The point of TUG is to post tips that, if the whole world knew about, would end up in us necessarily paying more.  This isn't some secret society, it's wide open on the net, and people have frequently posted availability at various HGVC resorts here in the past (one person I recall even said he was just cancelling his HHV reservation so that anyone who wanted to get in on one could act quickly - oh the days before the recession when it was actually hard to get into HHV!).

If Always has an issue with HGVC printing this on TUG, that's his issue, not ours.  The whole point for us it to give out information to those who are starved of it.  I know that before I bought my Hilton Timeshare, I would've loved some information like this.  Obviously, the more people who figure this out, the more it diminishes our knowledge advantage, but hey, that's how we roll here.

Always, I say keep it up!


----------



## alwysonvac (Jun 18, 2009)

SusieQ927 said:


> How do I get to the 'sighting boards"??



Sorry, I just realized that I only explained how to get to the TUG sighting board. 

If you're planning to use RCI or Interval International (II) heavily, I suggest joining TS4MS (http://www.timeshareforums.com/) to gain access to their sighting forum (called Exchange Opps). It is invaluable if you plan to exchange on a regular basis. The TUG sighting board is ok but TS4MS sighting board has more coverage. Also by using the search function you can obtain historical sighting information to help determine any exchange availability patterns.

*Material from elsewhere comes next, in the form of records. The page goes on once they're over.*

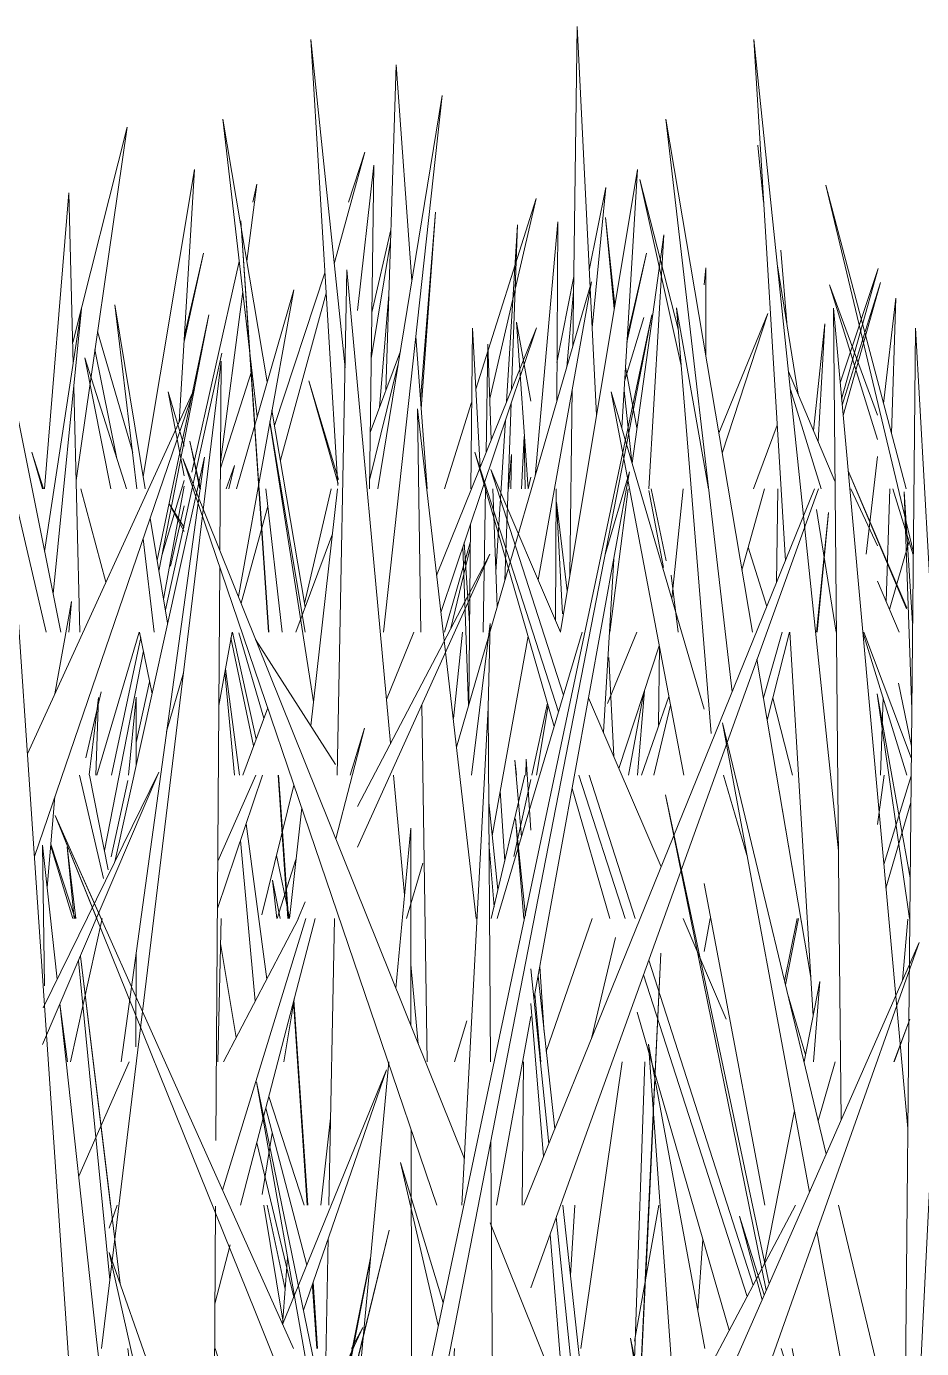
# Model space of a CAD drawing. Header units: millimetres. Extents: x -9575 to 27274, y -4387 to 11354.
# Drawn here: x -5806.06 to -5788.82, y 3091.38 to 3116.83 of the extents above; entities that cross this region are included whole.
import ezdxf

# ---------------------------------------------------------------- set-up
doc = ezdxf.new("R2010")
doc.units = ezdxf.units.MM
doc.layers.add('G-IMPT', color=8, linetype='Continuous', lineweight=9)

# ---------------------------------------------------------------- blocks, each defined once
blk = doc.blocks.new('Grass Array - 25_dwg-V15-North')
at = {"layer": 'G-IMPT'}
for p, q in [((-5795.536, 3110.676), (-5795.456, 3116.831)), ((-5795.081, 3109.349), (-5795.456, 3116.831)), ((-5798.942, 3116.092), (-5799.14, 3109.825)), ((-5798.942, 3116.092), (-5798.638, 3111.932)), ((-5805.399, 3105.172), (-5807.468, 3115.506)), ((-5799.685, 3111.362), (-5799.372, 3114.158)), ((-5799.455, 3107.931), (-5799.372, 3114.158)), ((-5788.983, 3106.729), (-5790.667, 3113.774)), ((-5789.117, 3107.931), (-5790.667, 3113.774)), ((-5805.708, 3107.931), (-5805.241, 3113.627)), ((-5805.241, 3113.627), (-5805.158, 3110.337)), ((-5796.265, 3108.169), (-5795.828, 3113.069)), ((-5795.848, 3109.602), (-5795.828, 3113.069)), ((-5795.519, 3112.018), (-5795.844, 3110.363)), ((-5792.974, 3112.185), (-5793.009, 3111.853)), ((-5792.974, 3112.185), (-5792.976, 3110.476)), ((-5795.177, 3111.913), (-5797.78, 3102.953)), ((-5797.78, 3102.953), (-5795.177, 3111.913)), ((-5795.177, 3111.913), (-5796.205, 3106.178)), ((-5795.523, 3111.728), (-5795.654, 3110.27)), ((-5790.352, 3109.541), (-5789.612, 3111.898)), ((-5790.333, 3109.34), (-5789.612, 3111.898)), ((-5799.082, 3111.669), (-5799.262, 3109.495)), ((-5805.709, 3106.719), (-5804.997, 3111.398)), ((-5805.546, 3105.904), (-5804.997, 3111.398)), ((-5792.928, 3107.931), (-5793.544, 3111.414)), ((-5792.872, 3103.221), (-5793.544, 3111.414)), ((-5792.727, 3109.003), (-5791.781, 3111.304)), ((-5792.662, 3108.614), (-5791.781, 3111.304)), ((-5798.16, 3106.263), (-5796.24, 3111.028)), ((-5798.078, 3105.547), (-5796.24, 3111.028)), ((-5798.559, 3110.864), (-5798.345, 3107.931)), ((-5797.209, 3108.623), (-5797.175, 3110.713)), ((-5797.109, 3108.872), (-5797.175, 3110.713)), ((-5804.432, 3107.931), (-5804.937, 3110.453)), ((-5804.134, 3107.931), (-5804.937, 3110.453)), ((-5803.383, 3105.596), (-5802.295, 3110.541)), ((-5799.441, 3109.015), (-5798.859, 3110.579)), ((-5799.453, 3108.097), (-5798.9, 3110.332)), ((-5790.489, 3108.076), (-5791.386, 3110.186)), ((-5800.049, 3108.107), (-5800.621, 3110.009)), ((-5800.058, 3108.027), (-5800.621, 3110.009)), ((-5805.147, 3109.893), (-5805.028, 3105.172)), ((-5795.594, 3106.265), (-5795.547, 3109.849)), ((-5790.755, 3107.931), (-5791.349, 3109.839)), ((-5800.528, 3103.83), (-5801.373, 3109.209)), ((-5800.69, 3105.172), (-5801.37, 3109.223)), ((-5792.056, 3107.931), (-5791.603, 3109.156)), ((-5802.708, 3107.931), (-5802.912, 3108.849)), ((-5802.72, 3107.931), (-5802.912, 3108.849)), ((-5805.68, 3105.172), (-5806.361, 3108.089)), ((-5800.58, 3103.364), (-5800.069, 3107.931)), ((-5797.264, 3105.172), (-5797.22, 3107.931)), ((-5796.993, 3105.661), (-5797.075, 3107.931)), ((-5795.873, 3105.402), (-5795.858, 3107.931)), ((-5794.823, 3105.172), (-5794.474, 3107.931)), ((-5793.414, 3107.931), (-5793.633, 3105.818)), ((-5792.281, 3106.365), (-5791.847, 3107.931)), ((-5803.023, 3107.105), (-5803.311, 3107.639)), ((-5803.023, 3107.187), (-5803.311, 3107.639)), ((-5795.738, 3105.525), (-5795.85, 3107.669)), ((-5795.644, 3105.967), (-5795.85, 3107.669)), ((-5790.845, 3105.172), (-5790.613, 3107.475)), ((-5790.83, 3105.172), (-5790.611, 3107.468)), ((-5800.869, 3105.172), (-5800.166, 3107.063)), ((-5789.254, 3105.172), (-5789.671, 3106.151)), ((-5803.641, 3103.984), (-5803.879, 3105.172)), ((-5801.635, 3103.111), (-5802.094, 3105.172)), ((-5799.125, 3103.87), (-5798.6, 3105.172)), ((-5796.4, 3105.093), (-5797.089, 3101.249)), ((-5794.87, 3103.797), (-5794.304, 3105.172)), ((-5791.866, 3103.907), (-5791.509, 3105.172)), ((-5801.684, 3102.979), (-5802.12, 3105.061)), ((-5800.107, 3102.623), (-5801.646, 3105.031)), ((-5794.649, 3102.545), (-5793.875, 3104.909)), ((-5794.847, 3104.682), (-5794.751, 3102.783)), ((-5802.055, 3102.413), (-5802.239, 3104.399)), ((-5801.954, 3102.413), (-5802.228, 3104.461)), ((-5803.944, 3103.044), (-5803.687, 3104.213)), ((-5804.849, 3102.422), (-5804.67, 3103.914)), ((-5804.725, 3102.413), (-5804.67, 3103.914)), ((-5794.467, 3102.413), (-5794.169, 3104.012)), ((-5801.895, 3102.413), (-5801.412, 3103.711)), ((-5804.573, 3100.426), (-5805.036, 3102.413)), ((-5804.483, 3100.595), (-5804.847, 3102.413)), ((-5804.429, 3100.841), (-5804.105, 3102.315)), ((-5789.671, 3101.464), (-5789.543, 3102.413)), ((-5801.525, 3099.73), (-5800.907, 3102.226)), ((-5796.849, 3100.762), (-5796.934, 3102.115)), ((-5800.996, 3099.654), (-5800.757, 3101.786)), ((-5801.43, 3098.489), (-5801.829, 3101.478)), ((-5801.652, 3098.066), (-5801.938, 3101.155)), ((-5800.993, 3099.675), (-5801.243, 3100.869)), ((-5800.869, 3100.791), (-5801.234, 3099.654)), ((-5798.738, 3099.654), (-5798.429, 3100.719)), ((-5801.319, 3100.397), (-5801.174, 3099.654)), ((-5801.319, 3100.397), (-5801.239, 3099.654)), ((-5800.693, 3099.978), (-5800.824, 3099.654)), ((-5789.087, 3099.641), (-5789.189, 3098.463)), ((-5805.267, 3096.895), (-5805.413, 3098.014)), ((-5789.353, 3096.895), (-5789.047, 3097.721)), ((-5789.35, 3096.895), (-5789.047, 3097.721))]:
    blk.add_line(p, q, dxfattribs=at)
blk = doc.blocks.new('Grass Array - 25_dwg-V17-North')
at = {"layer": 'G-IMPT'}
for p in [(-6964.138, 3105.525), (-6964.044, 3105.967)]:
    blk.add_line(p, (-6964.25, 3107.669), dxfattribs=at)
blk = doc.blocks.new('Grass Array - Grass Array-440235-North')
for name, p in [('Grass Array - 25_dwg-V15-North', (0, 0)), ('Grass Array - 25_dwg-V17-North', (1168.4, 0))]:
    blk.add_blockref(name, p)
blk = doc.blocks.new('Grass Array - 25_dwg-V20-North')
at = {"layer": 'G-IMPT'}
for p, q in [((-5805.168, 3110.745), (-5804.121, 3114.893)), ((-5805.102, 3108.09), (-5804.121, 3114.893)), ((-5800.132, 3112.258), (-5799.541, 3114.409)), ((-5799.86, 3113.449), (-5799.541, 3114.409)), ((-5801.817, 3112.312), (-5801.622, 3113.795)), ((-5801.701, 3113.449), (-5801.622, 3113.795)), ((-5796.245, 3113.519), (-5797.405, 3109.845)), ((-5796.245, 3113.519), (-5797.138, 3109.669)), ((-5795.221, 3112.14), (-5794.903, 3113.73)), ((-5795.165, 3111.025), (-5794.903, 3113.73)), ((-5798.47, 3109.647), (-5798.184, 3113.255)), ((-5798.457, 3109.471), (-5798.184, 3113.255)), ((-5794.74, 3111.397), (-5794.911, 3113.152)), ((-5794.729, 3111.464), (-5794.911, 3113.152)), ((-5799.41, 3111.324), (-5799.042, 3112.918)), ((-5799.422, 3110.436), (-5799.049, 3112.688)), ((-5802.876, 3108.251), (-5801.96, 3112.302)), ((-5801.282, 3109.151), (-5800.311, 3112.085)), ((-5790.39, 3109.968), (-5789.655, 3112.173)), ((-5790.362, 3109.652), (-5789.655, 3112.173)), ((-5802.323, 3108.442), (-5801.893, 3111.726)), ((-5801.169, 3108.483), (-5800.287, 3111.694)), ((-5794.539, 3110.022), (-5794.171, 3111.228)), ((-5804.013, 3108.625), (-5804.688, 3110.96)), ((-5796.396, 3107.931), (-5796.625, 3111.137)), ((-5796.347, 3109.618), (-5796.625, 3111.137)), ((-5790.902, 3109.049), (-5790.682, 3111.105)), ((-5790.815, 3108.844), (-5790.682, 3111.105)), ((-5804.319, 3108.511), (-5804.739, 3110.608)), ((-5802.324, 3108.324), (-5801.717, 3110.205)), ((-5794.524, 3110.273), (-5794.303, 3109.105)), ((-5794.402, 3108.44), (-5794.551, 3109.824)), ((-5797.486, 3109.592), (-5798.01, 3107.931)), ((-5796.777, 3107.931), (-5796.718, 3108.588)), ((-5796.729, 3107.931), (-5796.718, 3108.588)), ((-5802.211, 3107.931), (-5802.054, 3108.378)), ((-5802.159, 3107.931), (-5802.054, 3108.378)), ((-5796.396, 3107.931), (-5796.347, 3108.154)), ((-5804.529, 3106.13), (-5805.014, 3107.931)), ((-5800.702, 3105.72), (-5800.193, 3107.931)), ((-5794.074, 3107.899), (-5793.792, 3106.415)), ((-5794.03, 3107.931), (-5793.74, 3106.543)), ((-5793.74, 3106.543), (-5794.03, 3107.931)), ((-5789.671, 3106.832), (-5790.185, 3107.931)), ((-5803.286, 3106.44), (-5803.023, 3107.604)), ((-5801.926, 3105.729), (-5801.413, 3107.595)), ((-5798.009, 3105.172), (-5797.511, 3106.915)), ((-5797.886, 3105.243), (-5797.512, 3106.791)), ((-5791.803, 3105.66), (-5792.16, 3106.803)), ((-5797.837, 3103.508), (-5797.66, 3105.172)), ((-5793.885, 3103.379), (-5793.871, 3104.891)), ((-5794.293, 3102.413), (-5794.158, 3104.046))]:
    blk.add_line(p, q, dxfattribs=at)
blk = doc.blocks.new('Grass Array - Grass Array-V24-North')
blk.add_blockref('Grass Array - 25_dwg-V20-North', (0, 0))
blk = doc.blocks.new('Grass Array - 25_dwg-V29-North')
at = {"layer": 'G-IMPT'}
for p, q in [((-5801.664, 3109.15), (-5801.929, 3113.087)), ((-5801.662, 3109.159), (-5801.929, 3113.087)), ((-5801.397, 3105.172), (-5801.582, 3107.931)), ((-5801.39, 3105.172), (-5801.578, 3107.931))]:
    blk.add_line(p, q, dxfattribs=at)
blk = doc.blocks.new('Grass Array - 25_dwg-V33-North')
at = {"layer": 'G-IMPT'}
for p, q in [((-5801.664, 3109.15), (-5801.929, 3113.087)), ((-5801.662, 3109.159), (-5801.929, 3113.087)), ((-5801.397, 3105.172), (-5801.582, 3107.931)), ((-5801.39, 3105.172), (-5801.578, 3107.931)), ((-5801.026, 3099.654), (-5801.211, 3102.413)), ((-5801.155, 3101.713), (-5801.202, 3102.413)), ((-5804.621, 3099.654), (-5805.505, 3101.64)), ((-5804.705, 3099.654), (-5805.505, 3101.64)), ((-5801.155, 3101.713), (-5801.015, 3099.654)), ((-5794.139, 3092.773), (-5793.987, 3095.94)), ((-5794.134, 3092.773), (-5793.986, 3095.919)), ((-5800.469, 3091.377), (-5800.549, 3092.563))]:
    blk.add_line(p, q, dxfattribs=at)
blk = doc.blocks.new('Grass Array - 25_dwg-V35-North')
at = {"layer": 'G-IMPT'}
for p, q in [((-6970.064, 3109.15), (-6970.329, 3113.087)), ((-6970.062, 3109.159), (-6970.329, 3113.087)), ((-6969.797, 3105.172), (-6969.982, 3107.931)), ((-6969.79, 3105.172), (-6969.978, 3107.931)), ((-6969.426, 3099.654), (-6969.611, 3102.413)), ((-6969.555, 3101.713), (-6969.602, 3102.413)), ((-6973.021, 3099.654), (-6973.905, 3101.64)), ((-6973.105, 3099.654), (-6973.905, 3101.64)), ((-6969.555, 3101.713), (-6969.415, 3099.654)), ((-6962.539, 3092.773), (-6962.387, 3095.94)), ((-6962.534, 3092.773), (-6962.386, 3095.919)), ((-6968.869, 3091.377), (-6968.949, 3092.563))]:
    blk.add_line(p, q, dxfattribs=at)
blk = doc.blocks.new('Grass Array - Grass Array-440908-North')
for name, p in [('Grass Array - 25_dwg-V33-North', (0, 0)), ('Grass Array - 25_dwg-V35-North', (1168.4, 0)), ('Grass Array - 25_dwg-V35-North', (1168.4, 0)), ('Grass Array - 25_dwg-V29-North', (0, 0))]:
    blk.add_blockref(name, p)
blk = doc.blocks.new('Grass Array - 25_dwg-V39-North')
at = {"layer": 'G-IMPT'}
for p in [(-5790.089, 3107.931), (-5790.09, 3107.931)]:
    blk.add_line(p, (-5790.236, 3108.274), dxfattribs=at)
blk = doc.blocks.new('Grass Array - 25_dwg-V43-North')
at = {"layer": 'G-IMPT'}
for p in [(-5790.089, 3107.931), (-5790.09, 3107.931)]:
    blk.add_line(p, (-5790.236, 3108.274), dxfattribs=at)
blk = doc.blocks.new('Grass Array - 25_dwg-V45-North')
at = {"layer": 'G-IMPT'}
for p, q in [((-5800.062, 3107.993), (-5800.584, 3116.58)), ((-5799.923, 3110.258), (-5800.584, 3116.58)), ((-5802.279, 3115.046), (-5801.614, 3109.324)), ((-5802.279, 3115.046), (-5801.424, 3109.986)), ((-5801.424, 3109.986), (-5802.279, 3115.046)), ((-5791.864, 3113.449), (-5791.973, 3114.548)), ((-5802.824, 3114.074), (-5803.808, 3108.163)), ((-5803.808, 3108.163), (-5802.824, 3114.074)), ((-5802.824, 3114.074), (-5803.118, 3109.215)), ((-5793.51, 3111), (-5794.25, 3113.884)), ((-5793.453, 3110.301), (-5794.25, 3113.884)), ((-5796.603, 3113.014), (-5796.815, 3109.601)), ((-5796.603, 3113.014), (-5796.716, 3109.848)), ((-5796.716, 3109.848), (-5796.603, 3113.014)), ((-5793.785, 3112.817), (-5794.397, 3108.425)), ((-5793.785, 3112.817), (-5794.072, 3107.931)), ((-5794.072, 3107.931), (-5793.785, 3112.817)), ((-5803.023, 3110.762), (-5802.648, 3112.464)), ((-5803.017, 3110.883), (-5802.648, 3112.464)), ((-5791.41, 3111.049), (-5791.529, 3112.525)), ((-5791.201, 3109.751), (-5791.598, 3112.221)), ((-5790.593, 3111.853), (-5789.671, 3108.879)), ((-5790.593, 3111.853), (-5789.671, 3109.345)), ((-5789.552, 3109.57), (-5789.316, 3111.6)), ((-5789.4, 3108.996), (-5789.316, 3111.6)), ((-5803.542, 3106.558), (-5802.544, 3111.281)), ((-5803.507, 3106.344), (-5802.544, 3111.281)), ((-5797.501, 3107.931), (-5797.472, 3111.019)), ((-5797.321, 3108.346), (-5797.472, 3111.019)), ((-5803.023, 3108.176), (-5803.329, 3109.795)), ((-5803.023, 3108.751), (-5803.329, 3109.795)), ((-5801.331, 3109.44), (-5800.691, 3105.652)), ((-5800.691, 3105.652), (-5801.331, 3109.44)), ((-5796.725, 3109.581), (-5796.846, 3106.167)), ((-5796.846, 3106.167), (-5796.725, 3109.581)), ((-5796.837, 3109.249), (-5797.017, 3106.333)), ((-5796.525, 3107.931), (-5796.474, 3108.937)), ((-5796.457, 3107.931), (-5796.474, 3108.937)), ((-5805.729, 3107.931), (-5805.957, 3108.637)), ((-5805.752, 3107.931), (-5805.957, 3108.637)), ((-5789.89, 3106.668), (-5789.671, 3108.553)), ((-5789.108, 3105.639), (-5790.236, 3108.274)), ((-5789.111, 3105.621), (-5790.236, 3108.274)), ((-5803.023, 3108.087), (-5803.444, 3106.667)), ((-5803.023, 3107.982), (-5803.418, 3105.806)), ((-5801.452, 3107.931), (-5801.132, 3105.172)), ((-5791.618, 3106.117), (-5791.593, 3107.931)), ((-5789.505, 3105.76), (-5789.434, 3107.931)), ((-5789.377, 3107.931), (-5788.983, 3106.661)), ((-5790.464, 3105.172), (-5790.843, 3107.531)), ((-5797.541, 3103.774), (-5797.508, 3107.247)), ((-5797.526, 3105.344), (-5797.627, 3106.893)), ((-5789.439, 3105.607), (-5789.064, 3106.923)), ((-5797.545, 3103.761), (-5797.653, 3106.815)), ((-5803.888, 3105.172), (-5804.706, 3102.413)), ((-5801.487, 3103.511), (-5801.968, 3105.154)), ((-5791.793, 3103.475), (-5791.368, 3105.172)), ((-5804.419, 3102.413), (-5803.858, 3105.066)), ((-5804.557, 3100.964), (-5803.807, 3104.809)), ((-5804.915, 3102.752), (-5804.619, 3104.02)), ((-5791.308, 3102.413), (-5791.688, 3103.896)), ((-5789.613, 3102.413), (-5789.564, 3103.909))]:
    blk.add_line(p, q, dxfattribs=at)
blk = doc.blocks.new('Grass Array - Grass Array-V47-North')
for name in ['Grass Array - 25_dwg-V45-North', 'Grass Array - 25_dwg-V39-North', 'Grass Array - 25_dwg-V39-North', 'Grass Array - 25_dwg-V43-North']:
    blk.add_blockref(name, (0, 0))
blk = doc.blocks.new('Grass Array - 25_dwg-V50-North')
at = {"layer": 'G-IMPT'}
for p, q in [((-5791.444, 3106.545), (-5792.054, 3116.58)), ((-5790.792, 3104.51), (-5792.054, 3116.58)), ((-5799.293, 3107.931), (-5798.052, 3115.504)), ((-5799.181, 3105.172), (-5798.052, 3115.504)), ((-5793.749, 3115.046), (-5792.468, 3104.022)), ((-5793.749, 3115.046), (-5792.08, 3105.172)), ((-5792.08, 3105.172), (-5793.749, 3115.046)), ((-5794.294, 3114.074), (-5795.775, 3105.174)), ((-5795.775, 3105.174), (-5794.294, 3114.074)), ((-5794.294, 3114.074), (-5794.595, 3109.1)), ((-5801.397, 3105.172), (-5801.929, 3113.087)), ((-5801.39, 3105.172), (-5801.929, 3113.087)), ((-5794.495, 3110.75), (-5794.118, 3112.464)), ((-5794.487, 3110.883), (-5794.118, 3112.464)), ((-5800.076, 3102.413), (-5799.887, 3112.144)), ((-5799.047, 3103.03), (-5799.887, 3112.144)), ((-5802.015, 3107.931), (-5800.913, 3111.761)), ((-5801.977, 3105.855), (-5800.913, 3111.761)), ((-5804.355, 3111.468), (-5803.93, 3107.931)), ((-5804.355, 3111.468), (-5803.77, 3107.931)), ((-5803.77, 3107.931), (-5804.355, 3111.468)), ((-5799.512, 3083.1), (-5794.014, 3111.281)), ((-5796.355, 3100.208), (-5794.014, 3111.281)), ((-5790.412, 3100.078), (-5790.521, 3111.407)), ((-5789.089, 3095.614), (-5790.521, 3111.407)), ((-5789.05, 3099.641), (-5788.942, 3111.019)), ((-5788.357, 3100.691), (-5788.942, 3111.019)), ((-5803.824, 3097.865), (-5802.31, 3110.386)), ((-5802.334, 3106.745), (-5802.31, 3110.386)), ((-5806.039, 3102.828), (-5802.823, 3109.86)), ((-5805.904, 3100.853), (-5802.823, 3109.86)), ((-5793.403, 3102.413), (-5794.799, 3109.795)), ((-5793.009, 3103.689), (-5794.799, 3109.795)), ((-5805.734, 3098.359), (-5806.489, 3109.423)), ((-5797.4, 3099.654), (-5798.529, 3109.47)), ((-5798.466, 3105.172), (-5798.529, 3109.47)), ((-5804.358, 3100.747), (-5802.632, 3108.541)), ((-5804.116, 3097.775), (-5802.632, 3108.541)), ((-5797.625, 3095.032), (-5803.045, 3108.512)), ((-5799.329, 3097.588), (-5803.045, 3108.512)), ((-5795.814, 3103.635), (-5797.427, 3108.637)), ((-5795.896, 3103.356), (-5797.427, 3108.637)), ((-5795.718, 3103.957), (-5797.115, 3108.303)), ((-5795.774, 3105.172), (-5797.115, 3108.303)), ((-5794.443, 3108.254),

Sightings are also helpful in alerting folks to exchange opportunities based on bulk spacebanking (see definition below). You'll want to place a request for an exchange before or soon after a bulk spacebanking is sighted. But keep in mind that sightings are an online snapshot of weeks leftover after ongoing search requests have been satisfied. As soon as a sighting is posted, folks will attempt to reserve one. Depending on the demand of the resort and/or weeks, availability can disappear within minutes, hours, days or months. 

You can gain access to TS4MS sightings by joining TS4MS and posting at least 30 times on the TS4MS forum OR by becoming a TS4MS bronze contributor which gives you access to all forums for only $12. It's definitely worth the $12 - see http://www.timeshareforums.com/foru...ill-now-need-30-posts-view-exchange-opps.html

For more basic info on exchanging see this old post - http://tugbbs.com/forums/showpost.php?p=717473&postcount=9



> From a TUG Advice board article  - http://www.tug2.net/advice/TimeShare-101.htm
> Bulk spacebanking is a practice in which a resort periodically deposits a large number of unassigned units with the exchange company in advance of when the owners actually decide to deposit their weeks.  If your resort bulk spacebanks, you contact your resort to let them know that you intend to use your week for an exchange through the affiliated exchange company.  The resort then contacts the exchange company and arranges for one of their bulk spacebanked weeks to be transferred to your account.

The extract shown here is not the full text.